WASHINGTON – The delayed consent approach that investigators used to run the HEAT-PPCI trial generated almost as much controversy as the surprising finding that unfractionated heparin was safer than bivalirudin for anticoagulating ST-segment elevation myocardial infarction patients undergoing primary coronary stenting.

"I’m extremely bothered by the fact that you entered patients into the study without getting their permission," said Dr. William W. O’Neill, who spoke from the stage following the HEAT-PPCI (How Effective are Antithrombotic Therapies in Primary Percutaneous Coronary Intervention) report as a member of the discussion panel for the session at the annual meeting of the American College of Cardiology.

"There have been people who say that no one [experiencing an acute myocardial infarction] remembers their informed consent, but most of us have a very strong ethical concern. There is a social contract we make with our patients to make sure they are not subject to research without their permission. That’s in the Declaration of Helsinki," said Dr. O’Neill, medical director of the Center for Structural Heart Disease at Henry Ford Hospital in Detroit.

But Dr. Adeel Shahzad, who presented the study’s findings, and Dr. Rod Stables, the study’s principal investigator, unequivocally defended the ethics of their approach, and stressed that the design had been approved by three separate national bodies charged with ethical oversight of U.K. medical studies.

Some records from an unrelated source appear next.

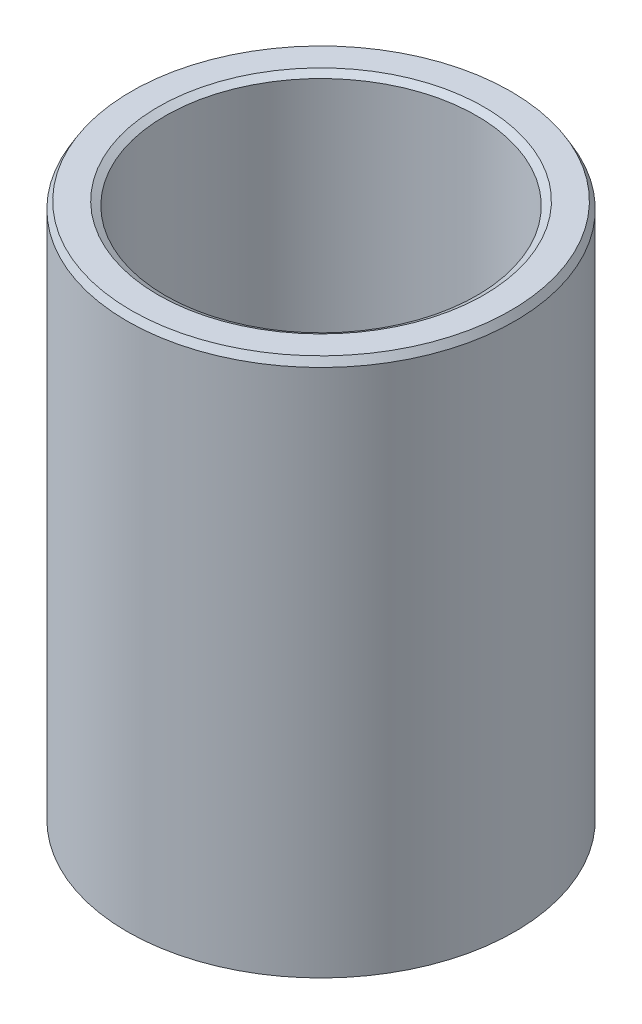
SolidWorks part; units mm, degrees
ref_plane "Front Plane" through (0, 0, 0) normal (0, 0, 1) x (1, 0, 0)
ref_plane "Top Plane" through (0, 0, 0) normal (0, 1, 0) x (1, 0, 0)
ref_plane "Right Plane" through (0, 0, 0) normal (1, 0, 0) x (0, 0, -1)
sketch "Sketch1" plane through (0, 0, 0) normal (0, 1, 0) x (1, 0, 0)
  circle A0 centre (0, 0) radius 27.5
  dimension "SLEEVE_OD" = 55
extrude "Boss-Extrude1" add sketch "Sketch1" along normal blind 76.5854
sketch "Sketch2" plane through (0, 0, 0) normal (0, 1, 0) x (1, 0, 0)
  circle A0 centre (0, 0) radius 22.0878
  dimension "BORE_D" = 44.1755
extrude "Cut-Extrude1" cut sketch "Sketch2" along normal through all
chamfer "Chamfer1" distance 1.0163 angle 30 4 edges at (0, 76.5854, 22.0878) (0, 0, 22.0878) (0, 0, 27.5) (0, 76.5854, 27.5) first distance on face at (0, 76.5854, 22.0878) first distance on face at (0, 0, 22.0878) first distance on face at (0, 76.5854, 27.5)

"We’re not advocating the use of delayed consent for all trials. Every trial has different circumstances. We compared two drugs that were in routine use throughout the world and that were used for licensed indications," Dr. Shahzad, an interventional cardiologist at Liverpool (England) Heart and Chest Hospital, said in reply to Dr. O’Neill’s criticism. "In the primary PCI [percutaneous coronary intervention] setting the patient is in pain and possibly under the influence of drugs. In this setting and with an average door-to-balloon time of 29 minutes we don’t believe that informed consent is possible."

"In HEAT-PPCI, 75% of patients were randomized within 9 minutes or arrival. It’s a debatable point whether it is possible to obtain any meaningful consent on that time schedule," said Dr. Stables, director of the cardiac catheterization laboratory at Liverpool Heart and Chest Hospital.

The study’s design called for the informed consent process to occur following intervention, once patients had stabilized. Of the 1,829 patients treated in Liverpool who met the study’s entry criteria, 1,812 (99%) subsequently gave their consent to be included in the trial. Dr. Stables also noted that in addition to the formal approval obtained from three U.K. medical ethics groups, the study’s design also won approval from a panel composed of patients, and the trial also employed a full-time patient advocate.

The ethics of the approach used in HEAT-PPCI were endorsed by both Dr. Spencer B. King III, an interventional cardiologist at St. Joseph’s Health System in Atlanta, and by Dr. David R. Holmes Jr., an interventional cardiologist and professor of medicine at the Mayo Clinic in Rochester, Minn.

Dr. Holmes recalled his own experience when hospitalized on an emergency basis for "massive" gastrointestinal bleeding. A few weeks later he was contacted about a study that he had agreed to participate in while in a very debilitated state before he received treatment; he had absolutely no recollection of ever agreeing to be in the study.

Dr. O’Neill, Dr. Shahzad, Dr. Stables, Dr. King, and Dr. Holmes had no relevant disclosures.